BEGIN Dataset content

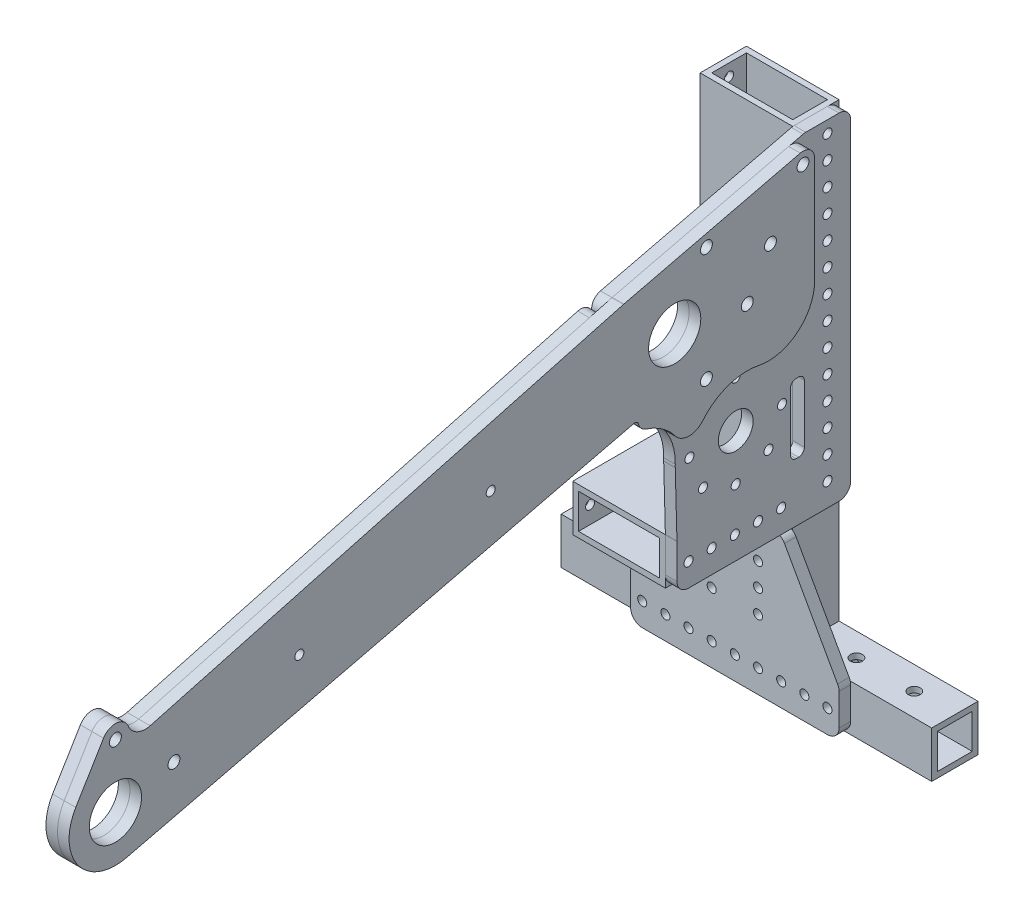
SolidWorks part; units mm, degrees
ref_plane "Alzado" through (0, 0, 0) normal (0, 0, 1) x (1, 0, 0)
ref_plane "Planta" through (0, 0, 0) normal (0, 1, 0) x (1, 0, 0)
ref_plane "Vista lateral" through (0, 0, 0) normal (1, 0, 0) x (0, 0, -1)
sketch "Croquis1" plane through (0, 0, 0) normal (0, 1, 0) x (1, 0, 0)
  line L1 (-101.6, -12.7) -> (101.6, -12.7)
  line L2 (-101.6, -12.7) -> (-101.6, 12.7)
  line L3 (-101.6, 12.7) -> (101.6, 12.7)
  line L4 (101.6, -12.7) -> (101.6, 12.7)
  line L5 (-101.6, -12.7) -> (101.6, 12.7) construction
  line L6 (-101.6, 12.7) -> (101.6, -12.7) construction
  point P0 (0, 0)
  dimension "D1" = 25.4
  dimension "D2" = 203.2
extrude "Saliente-Extruir1" add sketch "Croquis1" along normal blind 25.4
shell "Vaciado1" thickness 3.175 removed face at (-101.6, 12.7, 0) removed face at (101.6, 12.7, 0)
sketch "Croquis2" plane through (0, 25.4, 0) normal (0, 1, 0) x (1, 0, 0)
  line L0 (101.6, 12.7) -> (-101.6, 12.7) construction
  line L1 (-25.4, -12.7) -> (25.4, -12.7)
  line L2 (-25.4, -12.7) -> (-25.4, 12.7)
  line L3 (-25.4, 12.7) -> (25.4, 12.7)
  line L4 (25.4, -12.7) -> (25.4, 12.7)
  line L5 (-25.4, -12.7) -> (25.4, 12.7) construction
  line L6 (-25.4, 12.7) -> (25.4, -12.7) construction
  line L8 (-22.225, -9.525) -> (22.225, -9.525)
  line L9 (-22.225, -9.525) -> (-22.225, 9.525)
  line L10 (-22.225, 9.525) -> (22.225, 9.525)
  line L11 (22.225, -9.525) -> (22.225, 9.525)
  line L12 (-22.225, -9.525) -> (22.225, 9.525) construction
  line L13 (-22.225, 9.525) -> (22.225, -9.525) construction
  point P0 (0, 0)
  point P8 (0, 0)
  dimension "D1" = 50.8
  dimension "D2" = 3.175
  dimension "D3" = 3.175
extrude "Saliente-Extruir2" add sketch "Croquis2" along normal blind 247.65 separate body
sketch "Croquis3" plane through (0, 25.4, 0) normal (0, 1, 0) x (1, 0, 0)
  line L0 (0, 0) -> (0, 12.7) construction
  line L1 (25.4, 12.7) -> (-25.4, 12.7) construction
  circle A0 centre (-47.625, 0) radius 3.2639
  circle A1 centre (-79.375, 0) radius 3.2639
  circle A2 centre (79.375, 0) radius 3.2639
  circle A3 centre (47.625, 0) radius 3.2639
  dimension "D1" = 47.625
  dimension "D2" = 6.5278
  dimension "D3" = 31.75
extrude "Cortar-Extruir1" cut sketch "Croquis3" against normal through all
sketch "Croquis4" plane through (0, 0, 12.7) normal (0, 0, 1) x (1, 0, 0)
  line L0 (0, 25.4) -> (0, 139.6619) construction
  line L1 (-101.6, 25.4) -> (101.6, 25.4) construction
  line L2 (0, 139.6619) -> (-23.8125, 139.6619) construction
  circle A0 centre (0, 139.6619) radius 14.3129
  circle A1 centre (0, 139.6619) radius 23.8125 construction
  circle A2 centre (-23.8125, 139.6619) radius 2.4892 construction
  circle A3 centre (-11.9062, 160.2841) radius 2.4892
  circle A4 centre (11.9063, 160.2841) radius 2.4892
  circle A5 centre (23.8125, 139.6619) radius 2.4892 construction
  circle A6 centre (11.9062, 119.0397) radius 2.4892
  circle A7 centre (-11.9063, 119.0397) radius 2.4892
  dimension "D1" = 28.6258
  dimension "D3" = 47.625
  dimension "D4" = 4.9784
  dimension "D2" = 114.2619
  dimension "D6" = 23.8125
  dimension "D5" = 6
extrude "Cortar-Extruir2" cut sketch "Croquis4" against normal through all
sketch "Croquis8" plane through (0, 0, 12.7) normal (0, 0, 1) x (1, 0, 0)
  line L0 (0, 0) -> (0, 273.05) construction
  line L1 (-101.6, 12.7) -> (0, 12.7) construction
  line L2 (-101.6, 25.4) -> (-101.6, 0) construction
  line L3 (0, 12.7) -> (-12.7, 12.7) construction
  line L4 (0, 12.7) -> (12.7, 12.7) construction
  line L5 (-25.4, 273.05) -> (25.4, 273.05) construction
  line L6 (-12.7, 12.7) -> (-12.7, 25.4) construction
  circle A0 centre (0, 12.7) radius 2.4892
  circle A1 centre (-12.7, 12.7) radius 2.4892
  circle A2 centre (-25.4, 12.7) radius 2.4892
  circle A3 centre (-38.1, 12.7) radius 2.4892
  circle A4 centre (-50.8, 12.7) radius 2.4892
  circle A5 centre (0, 12.7) radius 2.4892
  circle A6 centre (-12.7, 12.7) radius 2.4892
  circle A7 centre (-25.4, 12.7) radius 2.4892
  circle A8 centre (-38.1, 12.7) radius 2.4892
  circle A9 centre (12.7, 12.7) radius 2.4892
  circle A10 centre (0, 12.7) radius 2.4892
  circle A11 centre (-12.7, 12.7) radius 2.4892
  circle A12 centre (-25.4, 12.7) radius 2.4892
  circle A13 centre (25.4, 12.7) radius 2.4892
  circle A14 centre (12.7, 12.7) radius 2.4892
  circle A15 centre (0, 12.7) radius 2.4892
  circle A16 centre (-12.7, 12.7) radius 2.4892
  circle A17 centre (38.1, 12.7) radius 2.4892
  circle A18 centre (25.4, 12.7) radius 2.4892
  circle A19 centre (12.7, 12.7) radius 2.4892
  circle A20 centre (0, 12.7) radius 2.4892
  circle A21 centre (12.7, 12.7) radius 2.4892
  circle A22 centre (25.4, 12.7) radius 2.4892
  circle A23 centre (38.1, 12.7) radius 2.4892
  circle A24 centre (50.8, 12.7) radius 2.4892
  circle A25 centre (-12.7, 25.4) radius 2.4892 [skipped]
  circle A26 centre (12.7, 25.4) radius 2.4892 [skipped]
  circle A27 centre (-12.7, 38.1) radius 2.4892
  circle A28 centre (12.7, 38.1) radius 2.4892
  circle A29 centre (-12.7, 50.8) radius 2.4892
  circle A30 centre (12.7, 50.8) radius 2.4892
  circle A31 centre (-12.7, 63.5) radius 2.4892
  circle A32 centre (12.7, 63.5) radius 2.4892
  circle A33 centre (-12.7, 76.2) radius 2.4892
  circle A34 centre (12.7, 76.2) radius 2.4892
  dimension "D1" = 4.9784
  dimension "D4" = 12.7
  dimension "D5" = 12.7
  dimension "D7" = 12.7
  dimension "D2" = 5
  dimension "D3" = 5
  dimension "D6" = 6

END Dataset content

→ Exercise details
Above are the records; print exactly the lines from the line with "circle A7 centre (-25.4, 12.7)" to the line with "circle A31 centre", including both, and nothing else.

→ Task response
  circle A7 centre (-25.4, 12.7) radius 2.4892
  circle A8 centre (-38.1, 12.7) radius 2.4892
  circle A9 centre (12.7, 12.7) radius 2.4892
  circle A10 centre (0, 12.7) radius 2.4892
  circle A11 centre (-12.7, 12.7) radius 2.4892
  circle A12 centre (-25.4, 12.7) radius 2.4892
  circle A13 centre (25.4, 12.7) radius 2.4892
  circle A14 centre (12.7, 12.7) radius 2.4892
  circle A15 centre (0, 12.7) radius 2.4892
  circle A16 centre (-12.7, 12.7) radius 2.4892
  circle A17 centre (38.1, 12.7) radius 2.4892
  circle A18 centre (25.4, 12.7) radius 2.4892
  circle A19 centre (12.7, 12.7) radius 2.4892
  circle A20 centre (0, 12.7) radius 2.4892
  circle A21 centre (12.7, 12.7) radius 2.4892
  circle A22 centre (25.4, 12.7) radius 2.4892
  circle A23 centre (38.1, 12.7) radius 2.4892
  circle A24 centre (50.8, 12.7) radius 2.4892
  circle A25 centre (-12.7, 25.4) radius 2.4892 [skipped]
  circle A26 centre (12.7, 25.4) radius 2.4892 [skipped]
  circle A27 centre (-12.7, 38.1) radius 2.4892
  circle A28 centre (12.7, 38.1) radius 2.4892
  circle A29 centre (-12.7, 50.8) radius 2.4892
  circle A30 centre (12.7, 50.8) radius 2.4892
  circle A31 centre (-12.7, 63.5) radius 2.4892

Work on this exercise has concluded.